:: Exercise inputs ::

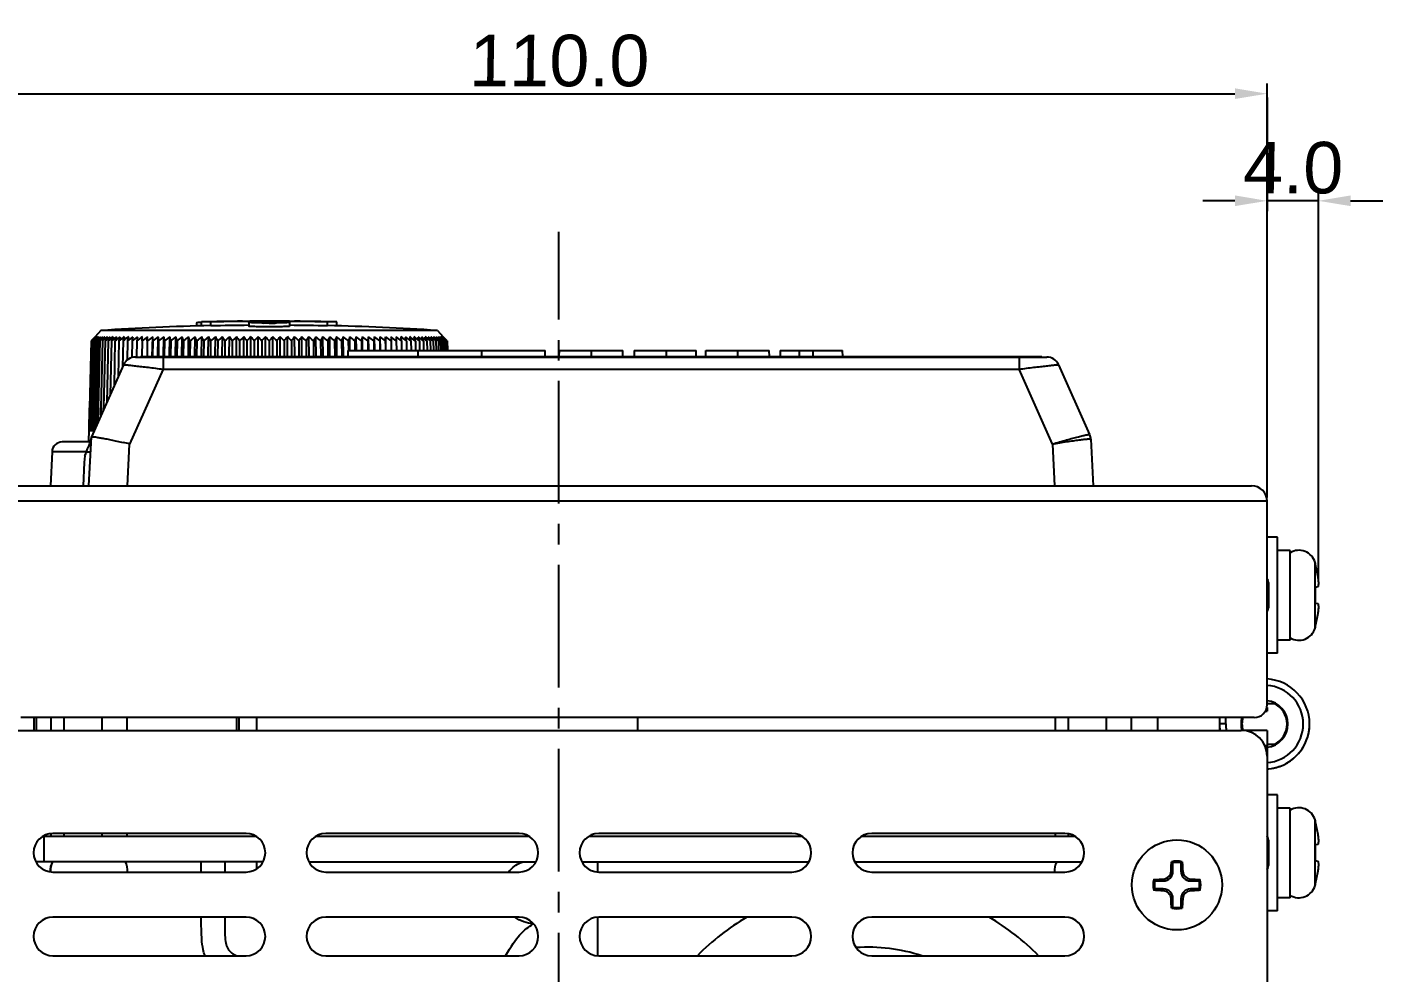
# Model space of a CAD drawing. Extents: x -329 to 5579, y -1951 to 3105.
# Drawn here: x 2735.5 to 2840.8, y -1687.2 to -1613.8 of the extents above; entities that cross this region are included whole.
import ezdxf

# ---------------------------------------------------------------- set-up
doc = ezdxf.new("R2010")
doc.units = 0
doc.header["$PDMODE"] = 3
doc.header["$PDSIZE"] = 1.5
doc.linetypes.add('CENTER', pattern=[17.8, 10.75, -2.35, 2.35, -2.35])
doc.linetypes.add('CENTER2', pattern=[28.575, 19.05, -3.175, 3.175, -3.175])
doc.layers.get('DEFPOINTS').update_dxf_attribs({"linetype": 'CONTINUOUS'})
for name, color, linetype in [('3', 112, 'CENTER'), ('BOLT_SUPPORTDXF_CONTINUOUS', 7, 'CONTINUOUS'), ('BR-762C2N-16DXF_CONTINUOUS', 7, 'CONTINUOUS'), ('BUSHING30_DXF_CONTINUOUS_L', 7, 'CONTINUOUS'), ('COVER_PCB90ADXF_CONTINUOUS', 7, 'CONTINUOUS'), ('DIM', 1, 'CONTINUOUS'), ('FND_CLA3220-DXF_CONTINUOUS', 7, 'CONTINUOUS'), ('JW009818UAN4DXF_CONTINUOUS', 7, 'CONTINUOUS'), ('KNOB_ROTARY9DXF_CONTINUOUS', 7, 'CONTINUOUS'), ('PANEL_BK-SPIDXF_CONTINUOUS', 7, 'CONTINUOUS'), ('PANEL_F-SPIIDXF_CONTINUOUS', 7, 'CONTINUOUS'), ('PANEL_LT-SPIDXF_CONTINUOUS', 7, 'CONTINUOUS'), ('PANEL_TOP130DXF_CONTINUOUS', 7, 'CONTINUOUS'), ('PH_M3X8_DXF_CONTINUOUS_LIN', 7, 'CONTINUOUS'), ('PH_M4X8_DXF_CONTINUOUS_LIN', 7, 'CONTINUOUS'), ('S_WASHER_M4_DXF_CONTINUOUS', 7, 'CONTINUOUS'), ('TH_T3X8_DXF_CONTINUOUS_LIN', 7, 'CONTINUOUS'), ('TOP_CASE-90ADXF_CONTINUOUS', 7, 'CONTINUOUS'), ('WASHER_M4_DXF_CONTINUOUS_L', 7, 'CONTINUOUS'), ('WINDOW_SHEETDXF_CONTINUOUS', 7, 'CONTINUOUS'), ('학뇜-윗_11_DXF_CONTINUOUS_LIN', 7, 'CONTINUOUS')]:
    doc.layers.add(name, color=color, linetype=linetype)
doc.styles.add('OMI-1', font='arial.ttf', dxfattribs={"oblique": 1})
doc.dimstyles.new('1', dxfattribs={"dimtxt": 4, "dimasz": 2.5, "dimexe": 0.8, "dimexo": 0.3, "dimgap": 0.5, "dimtad": 1, "dimtoh": 1, "dimdec": 1, "dimzin": 0, "dimtxsty": 'OMI-1', "dimcen": 0, "dimclrd": 256, "dimclre": 256, "dimclrt": 256, "dimazin": 3, "dimtfac": 0.8, "dimtdec": 1, "dimtix": 1, "dimtmove": 0, "dimatfit": 3, "dimtolj": 1, "dimtzin": 0})

# ---------------------------------------------------------------- blocks, each defined once
blk = doc.blocks.new('*D7092')
at = {"layer": 'DEFPOINTS', "color": 0}
for p in [(2831.85, -1618.95), (2721.85, -1650.6), (2831.85, -1650.6)]:
    blk.add_point(p, dxfattribs=at)
at = {"layer": 'DIM'}
for p, q in [((2721.85, -1650.3), (2721.85, -1618.15)), ((2831.85, -1650.3), (2831.85, -1618.15)), ((2724.35, -1618.95), (2829.35, -1618.95))]:
    blk.add_line(p, q, dxfattribs=at)
for points in [[(2724.35, -1618.53), (2724.35, -1619.36), (2721.85, -1618.95)], [(2829.35, -1619.36), (2829.35, -1618.53), (2831.85, -1618.95)]]:
    blk.add_solid(points, dxfattribs=at)
at = {"layer": 'DIM', "insert": (2776.85, -1616.4), "char_height": 4, "attachment_point": 5, "style": 'OMI-1'}
blk.add_mtext('\\A1;110.0', dxfattribs=at)
blk = doc.blocks.new('*D7093')
at = {"layer": 'DEFPOINTS', "color": 0}
for p in [(2831.85, -1618.95), (2831.85, -1627.27), (2835.84, -1657.17)]:
    blk.add_point(p, dxfattribs=at)
at = {"layer": 'DIM'}
for p, q in [((2831.85, -1619.25), (2831.85, -1628.07)), ((2835.84, -1656.87), (2835.84, -1626.47)), ((2829.35, -1627.27), (2826.85, -1627.27)), ((2835.84, -1627.27), (2831.85, -1627.27)), ((2838.34, -1627.27), (2840.84, -1627.27))]:
    blk.add_line(p, q, dxfattribs=at)
for points in [[(2829.35, -1627.68), (2829.35, -1626.85), (2831.85, -1627.27)], [(2838.34, -1626.85), (2838.34, -1627.68), (2835.84, -1627.27)]]:
    blk.add_solid(points, dxfattribs=at)
at = {"layer": 'DIM', "insert": (2833.85, -1624.72), "char_height": 4, "attachment_point": 5, "style": 'OMI-1'}
blk.add_mtext('\\A1;4.0', dxfattribs=at)

msp = doc.modelspace()

# ---------------------------------------------------------------- linework, layer by layer
at = {"layer": '3', "linetype": 'CENTER2', "ltscale": 0.5}
msp.add_line((2776.85, -1879.38), (2776.85, -1629.67), dxfattribs=at)
at = {"layer": 'BOLT_SUPPORTDXF_CONTINUOUS', "color": 7, "linetype": 'CONTINUOUS'}
for p, q in [((2737.39, -1667.4), (2737.39, -1668.4)), ((2738.41, -1667.4), (2738.41, -1668.4)), ((2741.36, -1667.4), (2741.36, -1668.4)), ((2743.3, -1667.4), (2743.3, -1668.4)), ((2815.39, -1667.4), (2815.39, -1668.4)), ((2816.41, -1667.4), (2816.41, -1668.4)), ((2819.36, -1667.4), (2819.36, -1668.4)), ((2821.3, -1667.4), (2821.3, -1668.4)), ((2737.39, -1676.41), (2737.39, -1676.6)), ((2738.41, -1676.4), (2738.41, -1676.6)), ((2741.36, -1676.4), (2741.36, -1676.6)), ((2743.3, -1676.4), (2743.3, -1676.6)), ((2815.39, -1676.4), (2815.39, -1676.6)), ((2816.41, -1676.43), (2816.41, -1676.6))]:
    msp.add_line(p, q, dxfattribs=at)
at = {"layer": 'BR-762C2N-16DXF_CONTINUOUS', "color": 7, "linetype": 'CONTINUOUS'}
for p, q in [((2753.35, -1667.4), (2753.35, -1668.4)), ((2753.35, -1678.6), (2753.35, -1679.17))]:
    msp.add_line(p, q, dxfattribs=at)
at = {"layer": 'BUSHING30_DXF_CONTINUOUS_L', "color": 7, "linetype": 'CONTINUOUS'}
for radius, start, end in [(18.56, 120.4442, 135.5391), (18.56, 44.4609, 59.5558), (13.66, 72.1596, 93.8573)]:
    msp.add_arc((2800.85, -1698.9), radius, start, end, dxfattribs=at)
at = {"layer": 'COVER_PCB90ADXF_CONTINUOUS', "color": 7, "linetype": 'CONTINUOUS'}
for p, q in [((2736.85, -1676.6), (2753.29, -1676.6)), ((2736.85, -1676.6), (2736.85, -1678.6)), ((2758, -1676.6), (2774.49, -1676.6)), ((2779.2, -1676.6), (2795.69, -1676.6)), ((2800.4, -1676.6), (2816.89, -1676.6)), ((2753.87, -1678.6), (2736.22, -1678.6)), ((2757.42, -1678.6), (2775.07, -1678.6)), ((2778.62, -1678.6), (2796.27, -1678.6)), ((2799.82, -1678.6), (2817.47, -1678.6))]:
    msp.add_line(p, q, dxfattribs=at)
at = {"layer": 'FND_CLA3220-DXF_CONTINUOUS', "color": 7, "linetype": 'CONTINUOUS'}
for p, q in [((2782.95, -1667.4), (2782.95, -1668.4)), ((2823.35, -1667.4), (2823.35, -1668.4))]:
    msp.add_line(p, q, dxfattribs=at)
at = {"layer": 'JW009818UAN4DXF_CONTINUOUS', "color": 7, "linetype": 'CONTINUOUS'}
for p, q in [((2831.95, -1656.92), (2831.95, -1658.89)), ((2831.85, -1666.3), (2832.36, -1666.3)), ((2828.15, -1667.4), (2828.15, -1667.9)), ((2828.64, -1667.9), (2828.15, -1667.9)), ((2828.15, -1667.9), (2828.15, -1668.4)), ((2828.64, -1667.9), (2828.64, -1667.4)), ((2832.36, -1669.5), (2831.85, -1669.5)), ((2831.95, -1676.92), (2831.95, -1678.89))]:
    msp.add_line(p, q, dxfattribs=at)
msp.add_lwpolyline([(2831.85, -1671.39), (2831.98, -1671.39), (2832.18, -1671.36), (2832.38, -1671.32), (2832.57, -1671.27), (2832.77, -1671.21), (2832.96, -1671.14), (2833.14, -1671.06), (2833.33, -1670.97), (2833.5, -1670.87), (2833.67, -1670.75), (2833.84, -1670.63), (2833.99, -1670.5), (2834.14, -1670.35), (2834.28, -1670.2), (2834.41, -1670.04), (2834.54, -1669.87), (2834.65, -1669.7), (2834.75, -1669.51), (2834.84, -1669.33), (2834.92, -1669.13), (2834.99, -1668.94), (2835.04, -1668.73), (2835.09, -1668.53), (2835.12, -1668.32), (2835.14, -1668.11), (2835.15, -1667.9)], dxfattribs=at)
for centre, radius, start, end in [((2831.45, -1656.92), 0.5, 0, 36.7998), ((2831.45, -1658.89), 0.5, 323.2002, 0), ((2831.65, -1667.9), 3.5, 273.2757, 86.7242), ((2831.65, -1667.9), 3.5, 273.2757, 86.7243), ((2831.66, -1667.9), 3, 273.6552, 86.3447), ((2831.65, -1667.9), 1.82, 276.2975, 83.7025), ((2831.65, -1667.9), 1.75, 293.8955, 66.1045), ((2831.65, -1667.9), 3.5, 180, 188.2167), ((2831.65, -1667.9), 3.01, 180.0225, 189.5747), ((2831.65, -1667.9), 1.82, 164.0924, 195.9933), ((2831.65, -1667.9), 1.75, 163.3891, 196.6109), ((2831.45, -1676.92), 0.5, 0, 36.7998), ((2831.45, -1678.89), 0.5, 323.2002, 0)]:
    msp.add_arc(centre, radius, start, end, dxfattribs=at)
at = {"layer": 'KNOB_ROTARY9DXF_CONTINUOUS', "color": 7, "linetype": 'CONTINUOUS'}
for p, q in [((2741.28, -1637.34), (2740.83, -1637.82)), ((2767.41, -1637.34), (2741.28, -1637.34)), ((2748.69, -1636.75), (2748.69, -1636.99)), ((2749.1, -1636.98), (2749.1, -1636.68)), ((2749.81, -1636.99), (2749.81, -1636.69)), ((2752.77, -1636.62), (2752.86, -1636.62)), ((2752.77, -1636.71), (2752.77, -1637.01)), ((2753.82, -1636.61), (2753.9, -1636.61)), ((2753.82, -1636.66), (2753.82, -1636.64)), ((2754.35, -1636.62), (2754.35, -1636.61)), ((2754.87, -1636.61), (2754.79, -1636.61)), ((2754.87, -1636.64), (2754.87, -1636.66)), ((2755.92, -1636.62), (2755.83, -1636.62)), ((2755.92, -1636.71), (2755.92, -1637.01)), ((2756.3, -1636.62), (2756.45, -1636.62)), ((2758.88, -1636.99), (2758.88, -1636.69)), ((2759.6, -1636.98), (2759.6, -1636.68)), ((2767.41, -1637.34), (2767.86, -1637.82)), ((2740.53, -1638.15), (2740.39, -1643.34)), ((2740.55, -1638.15), (2740.42, -1643.34)), ((2740.6, -1638.15), (2740.47, -1643.34)), ((2740.6, -1638.07), (2740.53, -1638.15)), ((2740.67, -1638.15), (2740.54, -1643.34)), ((2740.62, -1638.07), (2740.55, -1638.15)), ((2740.69, -1638.06), (2740.6, -1638.15)), ((2740.77, -1638.15), (2740.64, -1643.34)), ((2740.66, -1638.07), (2740.67, -1638.06)), ((2740.75, -1638.07), (2740.67, -1638.15)), ((2740.89, -1638.15), (2740.76, -1643.34)), ((2740.85, -1638.07), (2740.77, -1638.15)), ((2740.78, -1637.89), (2740.84, -1637.82)), ((2740.84, -1637.82), (2740.8, -1637.86)), ((2740.8, -1638.11), (2740.82, -1638.07)), ((2740.84, -1637.86), (2740.87, -1637.82)), ((2740.87, -1637.82), (2740.84, -1637.86)), ((2740.89, -1638.15), (2740.94, -1638.07)), ((2740.97, -1638.07), (2740.89, -1638.15)), ((2741.03, -1638.15), (2740.9, -1643.34)), ((2741.13, -1638.06), (2741.03, -1638.15)), ((2741.03, -1638.15), (2741.08, -1638.07)), ((2741.03, -1638.15), (2741.08, -1638.07)), ((2741.2, -1638.15), (2741.07, -1643.34)), ((2741.31, -1638.05), (2741.2, -1638.15)), ((2741.31, -1638.05), (2741.2, -1638.15)), ((2741.39, -1638.15), (2741.27, -1643.34)), ((2741.36, -1637.89), (2741.4, -1637.82)), ((2741.6, -1638.15), (2741.48, -1643.34)), ((2741.84, -1638.15), (2741.73, -1642.95)), ((2742.1, -1638.15), (2742, -1642.33)), ((2742.37, -1638.15), (2742.3, -1641.67)), ((2742.67, -1638.15), (2742.61, -1640.95)), ((2743, -1638.15), (2742.95, -1640.2)), ((2743.34, -1638.15), (2743.31, -1639.64)), ((2743.7, -1638.15), (2743.67, -1639.45)), ((2744.07, -1638.15), (2744.05, -1639.4)), ((2744.47, -1638.15), (2744.45, -1639.35)), ((2744.47, -1638.15), (2744.49, -1637.82)), ((2744.88, -1638.15), (2744.86, -1639.35)), ((2744.88, -1638.15), (2744.89, -1637.82)), ((2745.27, -1639.35), (2745.3, -1637.82)), ((2745.31, -1638.15), (2745.29, -1639.35)), ((2745.31, -1638.15), (2745.3, -1637.82)), ((2745.7, -1639.35), (2745.73, -1637.82)), ((2745.76, -1638.15), (2745.74, -1639.35)), ((2746.15, -1639.35), (2746.17, -1637.82)), ((2746.22, -1638.15), (2746.2, -1639.35)), ((2746.61, -1639.35), (2746.63, -1637.82)), ((2746.7, -1638.15), (2746.68, -1639.35)), ((2747.08, -1639.35), (2747.1, -1637.82)), ((2747.19, -1638.15), (2747.17, -1639.35)), ((2747.57, -1639.35), (2747.59, -1637.82)), ((2747.69, -1638.15), (2747.67, -1639.35)), ((2748.07, -1639.35), (2748.08, -1637.82)), ((2748.2, -1638.15), (2748.19, -1639.35)), ((2748.57, -1639.35), (2748.59, -1637.82)), ((2748.72, -1638.15), (2748.71, -1639.35)), ((2749.09, -1639.35), (2749.11, -1637.82)), ((2749.26, -1638.15), (2749.25, -1639.35)), ((2749.62, -1639.35), (2749.63, -1637.82)), ((2749.8, -1638.15), (2749.79, -1639.35)), ((2750.16, -1639.35), (2750.17, -1637.82)), ((2750.35, -1638.15), (2750.34, -1639.35)), ((2750.7, -1639.35), (2750.71, -1637.82)), ((2750.91, -1638.15), (2750.9, -1639.35)), ((2751.25, -1639.35), (2751.26, -1637.82)), ((2751.47, -1638.15), (2751.47, -1639.35)), ((2751.81, -1639.35), (2751.81, -1637.82)), ((2752.04, -1638.15), (2752.04, -1639.35)), ((2752.37, -1639.35), (2752.37, -1637.82)), ((2752.61, -1638.15), (2752.61, -1639.35)), ((2752.93, -1639.35), (2752.93, -1637.82)), ((2753.19, -1638.15), (2753.19, -1639.35)), ((2753.49, -1639.35), (2753.5, -1637.82)), ((2753.77, -1638.15), (2753.77, -1639.35)), ((2754.06, -1639.35), (2754.06, -1637.82)), ((2754.35, -1638.15), (2754.35, -1639.35)), ((2754.63, -1639.35), (2754.63, -1637.82)), ((2754.93, -1638.15), (2754.93, -1639.35)), ((2755.2, -1639.35), (2755.2, -1637.82)), ((2755.5, -1638.15), (2755.51, -1639.35)), ((2755.76, -1639.35), (2755.76, -1637.82)), ((2756.08, -1638.15), (2756.08, -1639.35)), ((2756.33, -1639.35), (2756.32, -1637.82)), ((2756.65, -1638.15), (2756.66, -1639.35)), ((2756.89, -1639.35), (2756.88, -1637.82)), ((2757.22, -1638.15), (2757.23, -1639.35)), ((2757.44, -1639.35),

:::

[Goal of the exercise] If a line in the listing holds the word "layers", list that line.

[Task response]
doc.layers.get('DEFPOINTS').update_dxf_attribs({"linetype": 'CONTINUOUS'})
    doc.layers.add(name, color=color, linetype=linetype)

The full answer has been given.